■ **WHAT IS EXPECTED**:
Your output should be the complete listing, repeated exactly.

■ **DATASET RECORDS**:
◆ ◆ ◆ ◆ ◆
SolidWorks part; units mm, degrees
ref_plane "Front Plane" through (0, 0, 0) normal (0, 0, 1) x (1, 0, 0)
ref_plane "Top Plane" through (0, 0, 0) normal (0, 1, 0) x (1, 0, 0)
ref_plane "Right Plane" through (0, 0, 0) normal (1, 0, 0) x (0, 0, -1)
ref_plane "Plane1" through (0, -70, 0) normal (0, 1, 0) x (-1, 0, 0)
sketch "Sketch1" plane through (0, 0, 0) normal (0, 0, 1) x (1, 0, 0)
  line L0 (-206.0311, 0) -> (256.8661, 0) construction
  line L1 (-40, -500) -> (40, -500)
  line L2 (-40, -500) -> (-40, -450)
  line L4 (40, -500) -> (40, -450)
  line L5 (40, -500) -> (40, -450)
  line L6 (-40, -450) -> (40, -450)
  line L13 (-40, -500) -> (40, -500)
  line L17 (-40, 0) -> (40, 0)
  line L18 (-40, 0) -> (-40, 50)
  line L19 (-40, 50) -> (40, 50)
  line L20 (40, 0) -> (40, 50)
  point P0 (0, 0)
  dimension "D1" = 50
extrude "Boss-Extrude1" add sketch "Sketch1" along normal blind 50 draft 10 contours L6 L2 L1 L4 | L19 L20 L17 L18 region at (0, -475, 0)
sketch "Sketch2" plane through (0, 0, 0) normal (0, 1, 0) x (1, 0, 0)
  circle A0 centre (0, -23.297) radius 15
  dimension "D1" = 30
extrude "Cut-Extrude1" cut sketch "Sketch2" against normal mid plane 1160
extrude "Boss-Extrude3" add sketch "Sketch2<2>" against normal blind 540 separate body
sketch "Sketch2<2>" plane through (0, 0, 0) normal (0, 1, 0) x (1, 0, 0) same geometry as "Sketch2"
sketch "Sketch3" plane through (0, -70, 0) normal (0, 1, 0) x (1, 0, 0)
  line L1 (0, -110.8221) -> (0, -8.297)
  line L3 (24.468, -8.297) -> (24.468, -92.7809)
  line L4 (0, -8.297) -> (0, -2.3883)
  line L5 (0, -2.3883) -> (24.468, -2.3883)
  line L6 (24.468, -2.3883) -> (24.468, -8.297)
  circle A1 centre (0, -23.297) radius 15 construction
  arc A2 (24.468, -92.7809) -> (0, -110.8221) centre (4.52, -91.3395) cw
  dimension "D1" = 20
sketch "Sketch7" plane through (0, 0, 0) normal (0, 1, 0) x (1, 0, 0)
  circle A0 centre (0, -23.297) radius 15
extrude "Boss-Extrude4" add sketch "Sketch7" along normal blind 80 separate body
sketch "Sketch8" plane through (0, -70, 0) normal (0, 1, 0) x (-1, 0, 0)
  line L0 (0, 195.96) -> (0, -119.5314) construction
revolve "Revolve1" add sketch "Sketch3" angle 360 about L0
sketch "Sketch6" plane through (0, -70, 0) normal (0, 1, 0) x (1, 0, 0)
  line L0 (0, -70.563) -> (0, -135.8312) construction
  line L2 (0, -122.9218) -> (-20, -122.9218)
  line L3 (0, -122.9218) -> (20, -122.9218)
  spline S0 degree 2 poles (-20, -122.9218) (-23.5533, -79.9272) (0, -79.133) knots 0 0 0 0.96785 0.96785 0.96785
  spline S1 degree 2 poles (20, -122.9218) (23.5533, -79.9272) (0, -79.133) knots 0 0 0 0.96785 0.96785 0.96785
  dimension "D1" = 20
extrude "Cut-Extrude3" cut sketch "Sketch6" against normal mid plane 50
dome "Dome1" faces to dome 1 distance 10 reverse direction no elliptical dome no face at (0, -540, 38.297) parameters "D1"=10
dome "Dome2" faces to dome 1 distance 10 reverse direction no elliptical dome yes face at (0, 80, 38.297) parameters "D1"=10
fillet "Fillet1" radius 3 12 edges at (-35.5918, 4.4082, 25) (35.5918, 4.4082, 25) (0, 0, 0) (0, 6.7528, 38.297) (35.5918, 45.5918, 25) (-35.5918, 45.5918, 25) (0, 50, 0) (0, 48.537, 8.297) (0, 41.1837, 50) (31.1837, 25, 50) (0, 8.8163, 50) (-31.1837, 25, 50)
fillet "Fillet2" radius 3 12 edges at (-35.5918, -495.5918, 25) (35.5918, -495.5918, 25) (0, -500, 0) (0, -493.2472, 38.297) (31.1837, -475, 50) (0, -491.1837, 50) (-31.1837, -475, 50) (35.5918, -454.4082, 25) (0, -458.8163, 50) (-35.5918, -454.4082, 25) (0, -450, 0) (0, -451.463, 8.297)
◆ ◆ ◆ ◆ ◆
■ **ANSWER AREA**:
SolidWorks part; units mm, degrees
ref_plane "Front Plane" through (0, 0, 0) normal (0, 0, 1) x (1, 0, 0)
ref_plane "Top Plane" through (0, 0, 0) normal (0, 1, 0) x (1, 0, 0)
ref_plane "Right Plane" through (0, 0, 0) normal (1, 0, 0) x (0, 0, -1)
ref_plane "Plane1" through (0, -70, 0) normal (0, 1, 0) x (-1, 0, 0)
sketch "Sketch1" plane through (0, 0, 0) normal (0, 0, 1) x (1, 0, 0)
  line L0 (-206.0311, 0) -> (256.8661, 0) construction
  line L1 (-40, -500) -> (40, -500)
  line L2 (-40, -500) -> (-40, -450)
  line L4 (40, -500) -> (40, -450)
  line L5 (40, -500) -> (40, -450)
  line L6 (-40, -450) -> (40, -450)
  line L13 (-40, -500) -> (40, -500)
  line L17 (-40, 0) -> (40, 0)
  line L18 (-40, 0) -> (-40, 50)
  line L19 (-40, 50) -> (40, 50)
  line L20 (40, 0) -> (40, 50)
  point P0 (0, 0)
  dimension "D1" = 50
extrude "Boss-Extrude1" add sketch "Sketch1" along normal blind 50 draft 10 contours L6 L2 L1 L4 | L19 L20 L17 L18 region at (0, -475, 0)
sketch "Sketch2" plane through (0, 0, 0) normal (0, 1, 0) x (1, 0, 0)
  circle A0 centre (0, -23.297) radius 15
  dimension "D1" = 30
extrude "Cut-Extrude1" cut sketch "Sketch2" against normal mid plane 1160
extrude "Boss-Extrude3" add sketch "Sketch2<2>" against normal blind 540 separate body
sketch "Sketch2<2>" plane through (0, 0, 0) normal (0, 1, 0) x (1, 0, 0) same geometry as "Sketch2"
sketch "Sketch3" plane through (0, -70, 0) normal (0, 1, 0) x (1, 0, 0)
  line L1 (0, -110.8221) -> (0, -8.297)
  line L3 (24.468, -8.297) -> (24.468, -92.7809)
  line L4 (0, -8.297) -> (0, -2.3883)
  line L5 (0, -2.3883) -> (24.468, -2.3883)
  line L6 (24.468, -2.3883) -> (24.468, -8.297)
  circle A1 centre (0, -23.297) radius 15 construction
  arc A2 (24.468, -92.7809) -> (0, -110.8221) centre (4.52, -91.3395) cw
  dimension "D1" = 20
sketch "Sketch7" plane through (0, 0, 0) normal (0, 1, 0) x (1, 0, 0)
  circle A0 centre (0, -23.297) radius 15
extrude "Boss-Extrude4" add sketch "Sketch7" along normal blind 80 separate body
sketch "Sketch8" plane through (0, -70, 0) normal (0, 1, 0) x (-1, 0, 0)
  line L0 (0, 195.96) -> (0, -119.5314) construction
revolve "Revolve1" add sketch "Sketch3" angle 360 about L0
sketch "Sketch6" plane through (0, -70, 0) normal (0, 1, 0) x (1, 0, 0)
  line L0 (0, -70.563) -> (0, -135.8312) construction
  line L2 (0, -122.9218) -> (-20, -122.9218)
  line L3 (0, -122.9218) -> (20, -122.9218)
  spline S0 degree 2 poles (-20, -122.9218) (-23.5533, -79.9272) (0, -79.133) knots 0 0 0 0.96785 0.96785 0.96785
  spline S1 degree 2 poles (20, -122.9218) (23.5533, -79.9272) (0, -79.133) knots 0 0 0 0.96785 0.96785 0.96785
  dimension "D1" = 20
extrude "Cut-Extrude3" cut sketch "Sketch6" against normal mid plane 50
dome "Dome1" faces to dome 1 distance 10 reverse direction no elliptical dome no face at (0, -540, 38.297) parameters "D1"=10
dome "Dome2" faces to dome 1 distance 10 reverse direction no elliptical dome yes face at (0, 80, 38.297) parameters "D1"=10
fillet "Fillet1" radius 3 12 edges at (-35.5918, 4.4082, 25) (35.5918, 4.4082, 25) (0, 0, 0) (0, 6.7528, 38.297) (35.5918, 45.5918, 25) (-35.5918, 45.5918, 25) (0, 50, 0) (0, 48.537, 8.297) (0, 41.1837, 50) (31.1837, 25, 50) (0, 8.8163, 50) (-31.1837, 25, 50)
fillet "Fillet2" radius 3 12 edges at (-35.5918, -495.5918, 25) (35.5918, -495.5918, 25) (0, -500, 0) (0, -493.2472, 38.297) (31.1837, -475, 50) (0, -491.1837, 50) (-31.1837, -475, 50) (35.5918, -454.4082, 25) (0, -458.8163, 50) (-35.5918, -454.4082, 25) (0, -450, 0) (0, -451.463, 8.297)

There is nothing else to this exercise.